Could you print each entry below verbatim while omitting the pictures?

[Opening ENTRIES PROVIDED section]

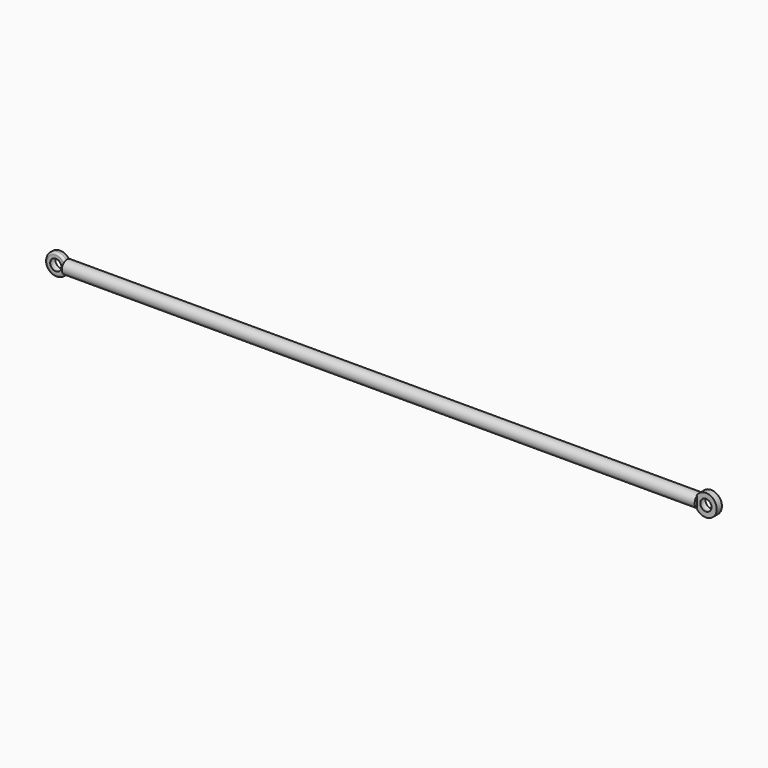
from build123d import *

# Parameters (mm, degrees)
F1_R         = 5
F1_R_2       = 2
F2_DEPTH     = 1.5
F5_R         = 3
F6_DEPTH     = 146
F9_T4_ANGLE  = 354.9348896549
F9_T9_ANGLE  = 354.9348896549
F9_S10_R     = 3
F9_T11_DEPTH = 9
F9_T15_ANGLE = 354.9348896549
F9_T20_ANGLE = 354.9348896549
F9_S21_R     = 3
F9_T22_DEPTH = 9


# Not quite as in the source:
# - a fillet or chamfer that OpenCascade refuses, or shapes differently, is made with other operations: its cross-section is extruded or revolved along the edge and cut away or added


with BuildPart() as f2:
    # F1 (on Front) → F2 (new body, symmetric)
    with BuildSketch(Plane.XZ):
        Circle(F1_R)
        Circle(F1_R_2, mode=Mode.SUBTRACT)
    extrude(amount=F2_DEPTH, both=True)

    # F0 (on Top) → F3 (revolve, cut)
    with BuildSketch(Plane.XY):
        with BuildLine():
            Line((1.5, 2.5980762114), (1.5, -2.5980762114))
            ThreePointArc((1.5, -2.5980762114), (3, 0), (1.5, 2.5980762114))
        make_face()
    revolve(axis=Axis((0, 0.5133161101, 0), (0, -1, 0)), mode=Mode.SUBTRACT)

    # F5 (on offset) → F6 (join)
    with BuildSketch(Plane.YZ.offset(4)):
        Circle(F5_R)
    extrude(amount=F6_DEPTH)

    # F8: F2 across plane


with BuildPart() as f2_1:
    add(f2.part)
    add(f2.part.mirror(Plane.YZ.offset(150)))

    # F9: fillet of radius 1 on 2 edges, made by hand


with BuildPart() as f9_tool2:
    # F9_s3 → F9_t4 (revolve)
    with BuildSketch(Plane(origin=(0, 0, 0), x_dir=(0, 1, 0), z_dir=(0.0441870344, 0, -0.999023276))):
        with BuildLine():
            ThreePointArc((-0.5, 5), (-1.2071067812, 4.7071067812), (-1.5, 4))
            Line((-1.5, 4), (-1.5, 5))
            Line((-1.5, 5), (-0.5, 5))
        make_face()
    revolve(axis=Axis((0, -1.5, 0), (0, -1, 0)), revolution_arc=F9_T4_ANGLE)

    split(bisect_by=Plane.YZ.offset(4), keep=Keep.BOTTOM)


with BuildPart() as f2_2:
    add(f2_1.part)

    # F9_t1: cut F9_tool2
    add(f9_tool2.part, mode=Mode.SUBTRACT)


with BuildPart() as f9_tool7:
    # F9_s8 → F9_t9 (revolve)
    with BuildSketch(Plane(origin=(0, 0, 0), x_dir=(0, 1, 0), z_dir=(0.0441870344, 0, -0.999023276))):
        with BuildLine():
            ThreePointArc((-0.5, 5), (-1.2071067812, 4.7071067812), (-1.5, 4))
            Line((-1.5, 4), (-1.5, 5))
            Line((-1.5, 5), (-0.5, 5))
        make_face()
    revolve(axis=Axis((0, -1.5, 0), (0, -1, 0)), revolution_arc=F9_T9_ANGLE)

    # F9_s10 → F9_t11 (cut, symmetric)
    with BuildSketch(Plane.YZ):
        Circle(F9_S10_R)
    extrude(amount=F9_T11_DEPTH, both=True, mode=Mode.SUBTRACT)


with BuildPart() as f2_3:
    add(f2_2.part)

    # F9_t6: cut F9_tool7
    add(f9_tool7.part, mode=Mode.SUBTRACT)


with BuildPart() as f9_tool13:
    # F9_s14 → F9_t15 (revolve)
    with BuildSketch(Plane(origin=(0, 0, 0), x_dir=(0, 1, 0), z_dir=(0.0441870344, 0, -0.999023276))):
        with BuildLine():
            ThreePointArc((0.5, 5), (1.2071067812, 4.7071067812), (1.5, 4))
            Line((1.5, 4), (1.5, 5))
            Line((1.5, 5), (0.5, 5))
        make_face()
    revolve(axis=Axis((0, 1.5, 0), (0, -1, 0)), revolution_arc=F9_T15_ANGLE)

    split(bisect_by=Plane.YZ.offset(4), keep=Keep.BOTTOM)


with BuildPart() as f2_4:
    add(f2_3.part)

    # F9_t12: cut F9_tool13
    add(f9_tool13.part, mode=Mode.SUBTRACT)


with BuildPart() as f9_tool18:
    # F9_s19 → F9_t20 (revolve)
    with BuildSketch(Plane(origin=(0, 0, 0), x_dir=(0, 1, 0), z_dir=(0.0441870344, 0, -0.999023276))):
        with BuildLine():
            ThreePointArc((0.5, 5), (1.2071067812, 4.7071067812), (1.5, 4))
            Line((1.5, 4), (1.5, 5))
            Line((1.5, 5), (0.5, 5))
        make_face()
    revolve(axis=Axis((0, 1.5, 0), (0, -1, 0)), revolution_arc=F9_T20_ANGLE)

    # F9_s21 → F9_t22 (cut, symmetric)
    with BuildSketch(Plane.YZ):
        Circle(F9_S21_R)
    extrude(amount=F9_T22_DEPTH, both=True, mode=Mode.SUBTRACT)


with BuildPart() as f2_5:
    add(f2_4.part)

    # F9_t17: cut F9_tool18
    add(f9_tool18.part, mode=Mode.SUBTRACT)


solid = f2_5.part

[Closing ENTRIES PROVIDED section]

**TASK OUTPUT**
from build123d import *

# Parameters (mm, degrees)
F1_R         = 5
F1_R_2       = 2
F2_DEPTH     = 1.5
F5_R         = 3
F6_DEPTH     = 146
F9_T4_ANGLE  = 354.9348896549
F9_T9_ANGLE  = 354.9348896549
F9_S10_R     = 3
F9_T11_DEPTH = 9
F9_T15_ANGLE = 354.9348896549
F9_T20_ANGLE = 354.9348896549
F9_S21_R     = 3
F9_T22_DEPTH = 9


# Not quite as in the source:
# - a fillet or chamfer that OpenCascade refuses, or shapes differently, is made with other operations: its cross-section is extruded or revolved along the edge and cut away or added


with BuildPart() as f2:
    # F1 (on Front) → F2 (new body, symmetric)
    with BuildSketch(Plane.XZ):
        Circle(F1_R)
        Circle(F1_R_2, mode=Mode.SUBTRACT)
    extrude(amount=F2_DEPTH, both=True)

    # F0 (on Top) → F3 (revolve, cut)
    with BuildSketch(Plane.XY):
        with BuildLine():
            Line((1.5, 2.5980762114), (1.5, -2.5980762114))
            ThreePointArc((1.5, -2.5980762114), (3, 0), (1.5, 2.5980762114))
        make_face()
    revolve(axis=Axis((0, 0.5133161101, 0), (0, -1, 0)), mode=Mode.SUBTRACT)

    # F5 (on offset) → F6 (join)
    with BuildSketch(Plane.YZ.offset(4)):
        Circle(F5_R)
    extrude(amount=F6_DEPTH)

    # F8: F2 across plane


with BuildPart() as f2_1:
    add(f2.part)
    add(f2.part.mirror(Plane.YZ.offset(150)))

    # F9: fillet of radius 1 on 2 edges, made by hand


with BuildPart() as f9_tool2:
    # F9_s3 → F9_t4 (revolve)
    with BuildSketch(Plane(origin=(0, 0, 0), x_dir=(0, 1, 0), z_dir=(0.0441870344, 0, -0.999023276))):
        with BuildLine():
            ThreePointArc((-0.5, 5), (-1.2071067812, 4.7071067812), (-1.5, 4))
            Line((-1.5, 4), (-1.5, 5))
            Line((-1.5, 5), (-0.5, 5))
        make_face()
    revolve(axis=Axis((0, -1.5, 0), (0, -1, 0)), revolution_arc=F9_T4_ANGLE)

    split(bisect_by=Plane.YZ.offset(4), keep=Keep.BOTTOM)


with BuildPart() as f2_2:
    add(f2_1.part)

    # F9_t1: cut F9_tool2
    add(f9_tool2.part, mode=Mode.SUBTRACT)


with BuildPart() as f9_tool7:
    # F9_s8 → F9_t9 (revolve)
    with BuildSketch(Plane(origin=(0, 0, 0), x_dir=(0, 1, 0), z_dir=(0.0441870344, 0, -0.999023276))):
        with BuildLine():
            ThreePointArc((-0.5, 5), (-1.2071067812, 4.7071067812), (-1.5, 4))
            Line((-1.5, 4), (-1.5, 5))
            Line((-1.5, 5), (-0.5, 5))
        make_face()
    revolve(axis=Axis((0, -1.5, 0), (0, -1, 0)), revolution_arc=F9_T9_ANGLE)

    # F9_s10 → F9_t11 (cut, symmetric)
    with BuildSketch(Plane.YZ):
        Circle(F9_S10_R)
    extrude(amount=F9_T11_DEPTH, both=True, mode=Mode.SUBTRACT)


with BuildPart() as f2_3:
    add(f2_2.part)

    # F9_t6: cut F9_tool7
    add(f9_tool7.part, mode=Mode.SUBTRACT)


with BuildPart() as f9_tool13:
    # F9_s14 → F9_t15 (revolve)
    with BuildSketch(Plane(origin=(0, 0, 0), x_dir=(0, 1, 0), z_dir=(0.0441870344, 0, -0.999023276))):
        with BuildLine():
            ThreePointArc((0.5, 5), (1.2071067812, 4.7071067812), (1.5, 4))
            Line((1.5, 4), (1.5, 5))
            Line((1.5, 5), (0.5, 5))
        make_face()
    revolve(axis=Axis((0, 1.5, 0), (0, -1, 0)), revolution_arc=F9_T15_ANGLE)

    split(bisect_by=Plane.YZ.offset(4), keep=Keep.BOTTOM)


with BuildPart() as f2_4:
    add(f2_3.part)

    # F9_t12: cut F9_tool13
    add(f9_tool13.part, mode=Mode.SUBTRACT)


with BuildPart() as f9_tool18:
    # F9_s19 → F9_t20 (revolve)
    with BuildSketch(Plane(origin=(0, 0, 0), x_dir=(0, 1, 0), z_dir=(0.0441870344, 0, -0.999023276))):
        with BuildLine():
            ThreePointArc((0.5, 5), (1.2071067812, 4.7071067812), (1.5, 4))
            Line((1.5, 4), (1.5, 5))
            Line((1.5, 5), (0.5, 5))
        make_face()
    revolve(axis=Axis((0, 1.5, 0), (0, -1, 0)), revolution_arc=F9_T20_ANGLE)

    # F9_s21 → F9_t22 (cut, symmetric)
    with BuildSketch(Plane.YZ):
        Circle(F9_S21_R)
    extrude(amount=F9_T22_DEPTH, both=True, mode=Mode.SUBTRACT)


with BuildPart() as f2_5:
    add(f2_4.part)

    # F9_t17: cut F9_tool18
    add(f9_tool18.part, mode=Mode.SUBTRACT)


solid = f2_5.part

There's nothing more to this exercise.